Seumur hidup, sebenarnya manusia itu pasti membutuhkan sahabat. Namun, seiring usia, sahabat kita akan semakin berkurang. Dari tadinya banyak menjadi lebih sedikit dengan kualitas yang lebih baik lagi. Semakin tua, persahabatan akan semakin diuji, salah satunya dalam hal yang berkaitan dengan cinta.
Sebuah cerita pendek kali ini akan mengangkat tema persahabatan dengan suasana yang sedih. Meski begitu, cerita yang diangkat dalam cerpen ini cukup layak untuk dijadikan teman santai saat kita memiliki waktu luang. Yuk disimak.
Demi Persahabatan Ini
Contoh Cerita Persahabatan Sedih
Suami dan sahabat. Aku menikah dengan suami ku atas dasar cinta. Aku juga menjalin hubunganku dengan sahabatku atas dasar cinta. Aku mencintai keduanya. Tak satupun dari mereka ada yang kubenci.

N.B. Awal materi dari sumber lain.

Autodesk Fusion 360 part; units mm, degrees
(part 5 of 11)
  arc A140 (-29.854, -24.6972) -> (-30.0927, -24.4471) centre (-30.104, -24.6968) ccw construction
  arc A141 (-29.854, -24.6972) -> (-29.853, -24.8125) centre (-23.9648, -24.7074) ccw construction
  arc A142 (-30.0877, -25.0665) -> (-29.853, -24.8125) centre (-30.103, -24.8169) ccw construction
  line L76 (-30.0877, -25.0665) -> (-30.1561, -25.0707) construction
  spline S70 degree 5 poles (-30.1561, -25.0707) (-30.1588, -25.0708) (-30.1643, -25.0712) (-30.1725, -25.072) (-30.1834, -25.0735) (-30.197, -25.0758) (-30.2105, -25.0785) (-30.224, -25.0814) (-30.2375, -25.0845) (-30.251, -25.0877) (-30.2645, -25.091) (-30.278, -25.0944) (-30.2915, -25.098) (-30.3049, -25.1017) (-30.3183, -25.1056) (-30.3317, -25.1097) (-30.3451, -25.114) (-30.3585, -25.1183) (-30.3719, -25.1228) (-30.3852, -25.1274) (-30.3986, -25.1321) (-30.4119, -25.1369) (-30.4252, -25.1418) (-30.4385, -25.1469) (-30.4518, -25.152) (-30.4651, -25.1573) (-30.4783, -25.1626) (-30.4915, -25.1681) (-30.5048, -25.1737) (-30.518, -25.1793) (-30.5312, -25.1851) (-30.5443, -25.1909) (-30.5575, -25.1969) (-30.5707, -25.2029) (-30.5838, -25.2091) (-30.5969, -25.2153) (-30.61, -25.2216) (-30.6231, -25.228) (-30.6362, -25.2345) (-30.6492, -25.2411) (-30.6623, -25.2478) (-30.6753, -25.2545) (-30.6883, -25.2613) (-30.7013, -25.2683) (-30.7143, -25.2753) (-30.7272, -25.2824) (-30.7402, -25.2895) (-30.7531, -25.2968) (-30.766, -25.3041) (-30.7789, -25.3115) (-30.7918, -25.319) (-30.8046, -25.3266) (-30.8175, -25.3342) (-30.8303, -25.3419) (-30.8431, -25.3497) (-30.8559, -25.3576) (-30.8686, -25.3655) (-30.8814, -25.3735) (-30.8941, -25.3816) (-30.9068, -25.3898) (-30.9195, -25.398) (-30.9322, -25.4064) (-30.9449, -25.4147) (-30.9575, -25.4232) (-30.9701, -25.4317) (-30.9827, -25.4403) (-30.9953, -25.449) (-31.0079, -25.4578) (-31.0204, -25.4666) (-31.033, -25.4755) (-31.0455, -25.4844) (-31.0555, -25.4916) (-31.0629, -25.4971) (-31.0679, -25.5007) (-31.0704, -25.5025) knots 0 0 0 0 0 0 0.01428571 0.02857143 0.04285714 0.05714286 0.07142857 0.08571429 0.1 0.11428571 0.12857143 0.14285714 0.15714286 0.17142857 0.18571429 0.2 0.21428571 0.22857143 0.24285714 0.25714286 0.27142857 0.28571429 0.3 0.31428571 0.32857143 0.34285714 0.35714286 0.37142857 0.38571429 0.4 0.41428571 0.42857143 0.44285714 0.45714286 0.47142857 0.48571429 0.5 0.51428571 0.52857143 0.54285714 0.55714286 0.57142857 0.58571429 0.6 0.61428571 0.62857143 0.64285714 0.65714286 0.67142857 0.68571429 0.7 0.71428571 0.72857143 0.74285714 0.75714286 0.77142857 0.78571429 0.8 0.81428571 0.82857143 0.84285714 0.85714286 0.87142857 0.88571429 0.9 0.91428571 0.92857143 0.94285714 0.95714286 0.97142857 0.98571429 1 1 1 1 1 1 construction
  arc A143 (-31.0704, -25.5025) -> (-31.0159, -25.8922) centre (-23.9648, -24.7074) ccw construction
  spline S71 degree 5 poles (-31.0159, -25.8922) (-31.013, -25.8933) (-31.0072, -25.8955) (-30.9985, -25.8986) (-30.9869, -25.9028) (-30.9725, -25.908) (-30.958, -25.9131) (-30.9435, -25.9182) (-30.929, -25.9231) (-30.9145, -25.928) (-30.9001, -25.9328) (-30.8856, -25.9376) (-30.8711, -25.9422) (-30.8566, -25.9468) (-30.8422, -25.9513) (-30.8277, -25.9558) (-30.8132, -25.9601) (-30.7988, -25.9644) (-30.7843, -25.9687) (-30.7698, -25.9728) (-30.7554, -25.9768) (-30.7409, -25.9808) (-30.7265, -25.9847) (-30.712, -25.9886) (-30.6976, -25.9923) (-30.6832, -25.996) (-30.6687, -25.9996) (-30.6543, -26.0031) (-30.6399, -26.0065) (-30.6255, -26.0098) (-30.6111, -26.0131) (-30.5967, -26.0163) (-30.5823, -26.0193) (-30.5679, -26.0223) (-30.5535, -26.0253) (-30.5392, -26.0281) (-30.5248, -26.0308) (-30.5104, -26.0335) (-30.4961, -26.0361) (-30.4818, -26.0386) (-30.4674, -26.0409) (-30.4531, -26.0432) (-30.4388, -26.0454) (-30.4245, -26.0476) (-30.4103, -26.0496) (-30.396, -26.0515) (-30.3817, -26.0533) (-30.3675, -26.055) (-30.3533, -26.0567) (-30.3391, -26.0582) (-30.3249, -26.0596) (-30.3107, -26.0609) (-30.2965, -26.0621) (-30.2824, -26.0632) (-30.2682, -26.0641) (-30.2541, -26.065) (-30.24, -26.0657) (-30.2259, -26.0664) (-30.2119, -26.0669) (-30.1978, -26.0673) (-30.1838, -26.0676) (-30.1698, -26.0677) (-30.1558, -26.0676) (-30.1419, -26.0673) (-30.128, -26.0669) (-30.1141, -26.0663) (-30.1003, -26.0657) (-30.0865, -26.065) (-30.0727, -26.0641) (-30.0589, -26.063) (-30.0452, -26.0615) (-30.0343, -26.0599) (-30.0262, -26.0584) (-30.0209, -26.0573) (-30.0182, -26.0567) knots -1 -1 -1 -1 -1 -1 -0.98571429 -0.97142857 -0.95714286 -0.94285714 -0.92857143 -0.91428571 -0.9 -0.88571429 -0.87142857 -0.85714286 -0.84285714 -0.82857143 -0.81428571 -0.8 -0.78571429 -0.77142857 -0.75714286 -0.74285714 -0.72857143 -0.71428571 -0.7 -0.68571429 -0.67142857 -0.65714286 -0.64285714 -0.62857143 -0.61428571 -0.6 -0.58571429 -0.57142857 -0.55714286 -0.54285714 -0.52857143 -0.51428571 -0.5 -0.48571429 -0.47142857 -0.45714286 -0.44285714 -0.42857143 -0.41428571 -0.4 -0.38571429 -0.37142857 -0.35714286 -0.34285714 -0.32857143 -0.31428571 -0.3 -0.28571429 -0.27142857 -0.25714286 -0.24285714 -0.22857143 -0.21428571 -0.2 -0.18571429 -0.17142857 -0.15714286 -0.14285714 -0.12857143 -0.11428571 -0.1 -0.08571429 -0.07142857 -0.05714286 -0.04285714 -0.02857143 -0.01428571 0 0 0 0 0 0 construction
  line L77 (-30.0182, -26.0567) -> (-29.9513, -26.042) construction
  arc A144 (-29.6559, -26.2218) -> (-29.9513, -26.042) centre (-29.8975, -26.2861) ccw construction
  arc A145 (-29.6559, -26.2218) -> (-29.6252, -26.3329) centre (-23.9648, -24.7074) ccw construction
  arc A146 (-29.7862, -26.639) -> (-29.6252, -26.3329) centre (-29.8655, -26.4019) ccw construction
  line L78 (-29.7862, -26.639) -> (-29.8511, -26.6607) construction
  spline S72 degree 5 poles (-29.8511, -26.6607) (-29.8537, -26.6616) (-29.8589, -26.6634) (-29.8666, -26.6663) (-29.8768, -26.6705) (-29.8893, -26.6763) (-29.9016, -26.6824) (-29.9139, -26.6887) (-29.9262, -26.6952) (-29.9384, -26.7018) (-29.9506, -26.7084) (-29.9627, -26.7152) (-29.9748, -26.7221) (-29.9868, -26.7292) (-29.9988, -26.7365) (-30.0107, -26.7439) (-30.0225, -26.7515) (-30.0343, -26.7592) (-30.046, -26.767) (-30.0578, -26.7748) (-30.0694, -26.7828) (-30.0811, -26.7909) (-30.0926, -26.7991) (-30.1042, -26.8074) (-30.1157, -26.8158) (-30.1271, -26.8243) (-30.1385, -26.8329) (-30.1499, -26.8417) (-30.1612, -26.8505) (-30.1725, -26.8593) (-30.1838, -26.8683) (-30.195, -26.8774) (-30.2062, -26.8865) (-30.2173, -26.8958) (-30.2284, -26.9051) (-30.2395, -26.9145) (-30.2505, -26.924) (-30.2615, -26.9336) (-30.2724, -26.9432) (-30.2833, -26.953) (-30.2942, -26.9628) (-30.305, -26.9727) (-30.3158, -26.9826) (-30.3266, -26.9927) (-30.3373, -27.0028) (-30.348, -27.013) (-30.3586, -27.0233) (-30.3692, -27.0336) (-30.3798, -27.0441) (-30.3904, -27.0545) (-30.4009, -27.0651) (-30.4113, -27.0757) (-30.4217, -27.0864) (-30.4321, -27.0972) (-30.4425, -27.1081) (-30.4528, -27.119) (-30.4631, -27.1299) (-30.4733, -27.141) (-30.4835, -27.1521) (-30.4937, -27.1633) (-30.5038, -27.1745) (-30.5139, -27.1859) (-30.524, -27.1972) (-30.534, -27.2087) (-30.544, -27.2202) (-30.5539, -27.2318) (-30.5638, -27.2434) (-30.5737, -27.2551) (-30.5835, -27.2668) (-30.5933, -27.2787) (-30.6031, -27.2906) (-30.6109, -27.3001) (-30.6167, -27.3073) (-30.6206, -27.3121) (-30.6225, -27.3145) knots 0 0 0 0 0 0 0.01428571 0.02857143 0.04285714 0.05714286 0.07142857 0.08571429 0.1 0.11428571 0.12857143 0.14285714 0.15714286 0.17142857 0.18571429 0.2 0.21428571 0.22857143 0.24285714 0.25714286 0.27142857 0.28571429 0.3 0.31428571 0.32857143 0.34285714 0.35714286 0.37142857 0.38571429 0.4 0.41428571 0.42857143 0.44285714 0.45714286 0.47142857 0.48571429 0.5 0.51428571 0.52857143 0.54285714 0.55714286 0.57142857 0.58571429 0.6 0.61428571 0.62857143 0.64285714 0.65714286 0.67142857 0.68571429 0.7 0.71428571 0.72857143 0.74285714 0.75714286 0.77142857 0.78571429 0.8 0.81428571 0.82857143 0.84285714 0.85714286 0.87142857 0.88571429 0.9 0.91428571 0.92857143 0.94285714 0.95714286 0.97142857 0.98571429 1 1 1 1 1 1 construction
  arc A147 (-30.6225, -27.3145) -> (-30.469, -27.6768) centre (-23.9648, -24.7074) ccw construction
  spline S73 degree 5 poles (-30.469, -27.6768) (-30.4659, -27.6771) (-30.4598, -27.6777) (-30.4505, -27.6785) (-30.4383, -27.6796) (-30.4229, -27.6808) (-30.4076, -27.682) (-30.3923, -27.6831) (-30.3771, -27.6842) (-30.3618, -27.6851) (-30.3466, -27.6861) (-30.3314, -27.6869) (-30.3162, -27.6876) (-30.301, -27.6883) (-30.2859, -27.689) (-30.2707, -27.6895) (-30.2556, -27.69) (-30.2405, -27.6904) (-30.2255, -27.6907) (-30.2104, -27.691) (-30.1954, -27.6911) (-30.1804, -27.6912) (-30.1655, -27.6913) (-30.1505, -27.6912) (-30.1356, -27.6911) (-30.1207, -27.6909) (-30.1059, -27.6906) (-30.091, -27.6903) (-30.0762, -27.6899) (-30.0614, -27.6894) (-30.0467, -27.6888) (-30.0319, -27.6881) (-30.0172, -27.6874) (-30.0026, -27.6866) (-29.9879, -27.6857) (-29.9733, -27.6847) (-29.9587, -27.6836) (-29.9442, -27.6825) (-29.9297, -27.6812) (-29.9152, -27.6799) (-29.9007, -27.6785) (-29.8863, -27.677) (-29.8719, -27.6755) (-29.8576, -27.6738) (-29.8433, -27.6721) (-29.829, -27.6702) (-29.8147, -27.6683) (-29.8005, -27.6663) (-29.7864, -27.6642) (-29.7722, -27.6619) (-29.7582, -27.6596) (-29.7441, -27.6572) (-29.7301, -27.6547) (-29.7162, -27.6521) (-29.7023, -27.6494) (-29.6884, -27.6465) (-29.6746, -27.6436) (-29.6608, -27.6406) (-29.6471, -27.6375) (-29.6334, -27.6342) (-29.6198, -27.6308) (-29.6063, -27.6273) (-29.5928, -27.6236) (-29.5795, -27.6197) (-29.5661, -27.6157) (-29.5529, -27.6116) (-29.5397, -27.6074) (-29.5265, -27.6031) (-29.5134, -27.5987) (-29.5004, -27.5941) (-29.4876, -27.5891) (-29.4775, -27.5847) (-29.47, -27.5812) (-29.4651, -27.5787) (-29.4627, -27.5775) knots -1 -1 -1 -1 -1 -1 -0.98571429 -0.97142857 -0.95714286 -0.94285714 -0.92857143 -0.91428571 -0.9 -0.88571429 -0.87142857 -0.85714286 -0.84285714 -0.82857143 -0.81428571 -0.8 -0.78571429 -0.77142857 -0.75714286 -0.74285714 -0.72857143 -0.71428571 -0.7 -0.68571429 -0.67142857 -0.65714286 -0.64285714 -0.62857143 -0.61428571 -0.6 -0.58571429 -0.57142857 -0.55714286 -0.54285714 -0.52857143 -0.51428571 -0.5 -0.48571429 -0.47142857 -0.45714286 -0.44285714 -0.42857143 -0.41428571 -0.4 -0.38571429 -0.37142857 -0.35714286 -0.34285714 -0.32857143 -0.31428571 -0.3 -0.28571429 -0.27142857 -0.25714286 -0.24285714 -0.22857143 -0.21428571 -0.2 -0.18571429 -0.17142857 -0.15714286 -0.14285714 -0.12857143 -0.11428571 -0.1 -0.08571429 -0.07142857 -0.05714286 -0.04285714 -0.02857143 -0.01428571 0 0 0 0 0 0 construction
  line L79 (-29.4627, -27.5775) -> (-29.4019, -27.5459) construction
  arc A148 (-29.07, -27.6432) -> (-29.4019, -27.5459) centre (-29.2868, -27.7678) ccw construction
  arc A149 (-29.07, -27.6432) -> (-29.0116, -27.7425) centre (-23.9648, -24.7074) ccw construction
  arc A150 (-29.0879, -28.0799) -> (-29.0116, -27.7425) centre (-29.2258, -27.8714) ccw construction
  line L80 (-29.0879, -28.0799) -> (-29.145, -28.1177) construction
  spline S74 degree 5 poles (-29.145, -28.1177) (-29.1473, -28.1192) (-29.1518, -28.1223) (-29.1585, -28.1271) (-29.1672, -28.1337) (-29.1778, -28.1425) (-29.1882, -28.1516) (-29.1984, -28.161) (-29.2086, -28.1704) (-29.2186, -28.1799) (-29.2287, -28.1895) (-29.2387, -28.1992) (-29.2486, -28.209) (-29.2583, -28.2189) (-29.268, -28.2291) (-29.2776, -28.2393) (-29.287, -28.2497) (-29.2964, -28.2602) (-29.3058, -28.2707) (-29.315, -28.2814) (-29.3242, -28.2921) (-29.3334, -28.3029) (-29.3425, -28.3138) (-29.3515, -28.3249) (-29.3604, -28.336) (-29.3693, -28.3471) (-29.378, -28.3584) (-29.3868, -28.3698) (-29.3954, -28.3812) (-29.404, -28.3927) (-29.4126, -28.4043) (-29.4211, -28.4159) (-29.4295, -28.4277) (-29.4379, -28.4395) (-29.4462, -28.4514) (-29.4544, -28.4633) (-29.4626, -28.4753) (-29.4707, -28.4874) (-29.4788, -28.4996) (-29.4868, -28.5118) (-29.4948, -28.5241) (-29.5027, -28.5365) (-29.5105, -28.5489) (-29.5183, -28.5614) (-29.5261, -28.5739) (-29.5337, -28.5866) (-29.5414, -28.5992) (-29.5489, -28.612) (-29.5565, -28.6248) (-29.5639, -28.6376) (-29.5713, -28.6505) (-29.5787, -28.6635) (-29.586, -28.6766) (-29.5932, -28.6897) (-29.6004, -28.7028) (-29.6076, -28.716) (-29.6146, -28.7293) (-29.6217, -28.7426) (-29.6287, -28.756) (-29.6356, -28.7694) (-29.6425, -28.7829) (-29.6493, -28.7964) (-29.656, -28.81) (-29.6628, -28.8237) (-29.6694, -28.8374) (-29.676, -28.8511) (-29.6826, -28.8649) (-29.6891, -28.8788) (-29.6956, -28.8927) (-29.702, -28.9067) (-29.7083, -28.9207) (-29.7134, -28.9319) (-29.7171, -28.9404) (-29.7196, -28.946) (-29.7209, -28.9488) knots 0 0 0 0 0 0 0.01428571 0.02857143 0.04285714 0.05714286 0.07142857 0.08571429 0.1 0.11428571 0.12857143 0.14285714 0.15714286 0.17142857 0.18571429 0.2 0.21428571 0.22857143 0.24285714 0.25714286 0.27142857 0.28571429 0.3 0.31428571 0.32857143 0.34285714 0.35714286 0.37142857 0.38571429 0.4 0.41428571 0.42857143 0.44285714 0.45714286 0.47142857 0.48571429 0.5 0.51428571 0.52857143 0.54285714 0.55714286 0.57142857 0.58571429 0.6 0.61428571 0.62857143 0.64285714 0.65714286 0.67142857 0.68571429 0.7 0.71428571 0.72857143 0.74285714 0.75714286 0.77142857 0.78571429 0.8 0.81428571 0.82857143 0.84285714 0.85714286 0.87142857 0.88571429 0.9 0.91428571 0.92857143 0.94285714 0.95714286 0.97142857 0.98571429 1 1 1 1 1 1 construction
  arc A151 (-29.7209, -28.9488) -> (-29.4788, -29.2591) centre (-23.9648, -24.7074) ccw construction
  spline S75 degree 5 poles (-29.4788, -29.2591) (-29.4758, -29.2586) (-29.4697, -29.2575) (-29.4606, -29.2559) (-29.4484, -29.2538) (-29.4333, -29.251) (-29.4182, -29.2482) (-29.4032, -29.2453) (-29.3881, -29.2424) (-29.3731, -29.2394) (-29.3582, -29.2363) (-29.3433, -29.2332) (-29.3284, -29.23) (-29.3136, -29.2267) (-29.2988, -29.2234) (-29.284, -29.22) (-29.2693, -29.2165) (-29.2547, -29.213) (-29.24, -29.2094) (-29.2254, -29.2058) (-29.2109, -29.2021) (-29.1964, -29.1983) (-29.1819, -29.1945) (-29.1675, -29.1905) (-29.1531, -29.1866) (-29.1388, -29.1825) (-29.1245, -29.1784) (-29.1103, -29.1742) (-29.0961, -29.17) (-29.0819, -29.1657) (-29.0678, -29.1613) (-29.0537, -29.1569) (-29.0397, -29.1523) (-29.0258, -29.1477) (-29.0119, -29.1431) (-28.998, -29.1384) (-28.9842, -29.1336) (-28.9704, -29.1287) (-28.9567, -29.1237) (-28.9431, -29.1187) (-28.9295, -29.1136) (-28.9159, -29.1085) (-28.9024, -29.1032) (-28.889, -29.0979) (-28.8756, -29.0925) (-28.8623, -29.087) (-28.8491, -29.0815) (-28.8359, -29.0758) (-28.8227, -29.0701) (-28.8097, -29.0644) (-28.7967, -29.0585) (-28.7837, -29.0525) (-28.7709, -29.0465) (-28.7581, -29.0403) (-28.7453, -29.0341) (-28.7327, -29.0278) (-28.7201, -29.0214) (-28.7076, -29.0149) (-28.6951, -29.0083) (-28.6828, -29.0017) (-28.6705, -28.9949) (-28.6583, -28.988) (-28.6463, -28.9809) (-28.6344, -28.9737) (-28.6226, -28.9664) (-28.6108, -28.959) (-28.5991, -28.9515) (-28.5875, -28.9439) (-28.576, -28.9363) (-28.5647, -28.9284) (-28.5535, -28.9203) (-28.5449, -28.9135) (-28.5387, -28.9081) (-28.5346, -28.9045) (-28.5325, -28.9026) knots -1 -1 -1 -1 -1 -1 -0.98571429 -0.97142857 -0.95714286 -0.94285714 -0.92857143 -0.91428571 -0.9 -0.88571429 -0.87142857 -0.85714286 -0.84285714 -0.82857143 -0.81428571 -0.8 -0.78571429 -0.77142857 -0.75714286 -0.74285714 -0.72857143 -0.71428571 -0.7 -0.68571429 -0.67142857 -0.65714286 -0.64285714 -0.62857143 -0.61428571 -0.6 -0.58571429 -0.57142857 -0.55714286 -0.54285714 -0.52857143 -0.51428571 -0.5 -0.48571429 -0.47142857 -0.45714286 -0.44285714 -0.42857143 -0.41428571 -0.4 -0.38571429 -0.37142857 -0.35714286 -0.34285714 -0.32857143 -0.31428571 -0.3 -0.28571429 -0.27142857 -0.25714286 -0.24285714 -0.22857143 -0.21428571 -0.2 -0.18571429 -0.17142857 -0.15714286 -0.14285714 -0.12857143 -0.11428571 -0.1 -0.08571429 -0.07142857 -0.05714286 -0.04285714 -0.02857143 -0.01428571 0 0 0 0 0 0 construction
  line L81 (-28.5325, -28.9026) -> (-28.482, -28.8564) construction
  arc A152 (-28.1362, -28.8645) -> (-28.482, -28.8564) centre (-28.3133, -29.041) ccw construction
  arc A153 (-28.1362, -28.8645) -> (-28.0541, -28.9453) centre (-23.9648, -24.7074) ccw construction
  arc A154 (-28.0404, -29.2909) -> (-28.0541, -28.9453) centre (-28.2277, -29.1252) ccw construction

Kehadiran mereka adalah kekuatan bagiku. Dengan adanya
mereka langkahku terasa ringan. Dengan bantuan mereka, segala sesuatu
dihadapanku menjadi lebih mudah. Dan dengan adanya mereka, aku tak pernah
merasa takut terhadap apa pun.
Tapi kini, semuanya sudah sedikit berubah. Kali ini aku
merasa takut. Bahkan sangat takut. Aku takut salah satu dari mereka pergi
meninggalkanku. Aku mencintai Ridho-suamiku. Aku juga sangat menyayangi
Aisyah-sahabatku.
Aku ingin mereka berdua selalu ada bersamaku. Apakah aku
salah? Apakah aku egois? Atau mungkinkah aku terlalu naif?
Kurasa jawabannya adalah iya. Aku tau kami tidak mungkin
bersama. Karena saat kami bersama, akan ada hati yang tersakiti. Entah itu aku,
atau Aisyah. Dari sorot mata Aisyah aku bisa melihatnya. Sesuatu yang begitu
dalam. Dengan sekuat tenaga dia memendam itu.
Tapi, aku tetap bisa melihatnya. Kala dia menatap mas
Ridho-suamiku, semuanya nampak begitu jelas. Matanya memancarkan sesuatu yang
sama dengan mataku. Dan sesuatu itu adalah cinta.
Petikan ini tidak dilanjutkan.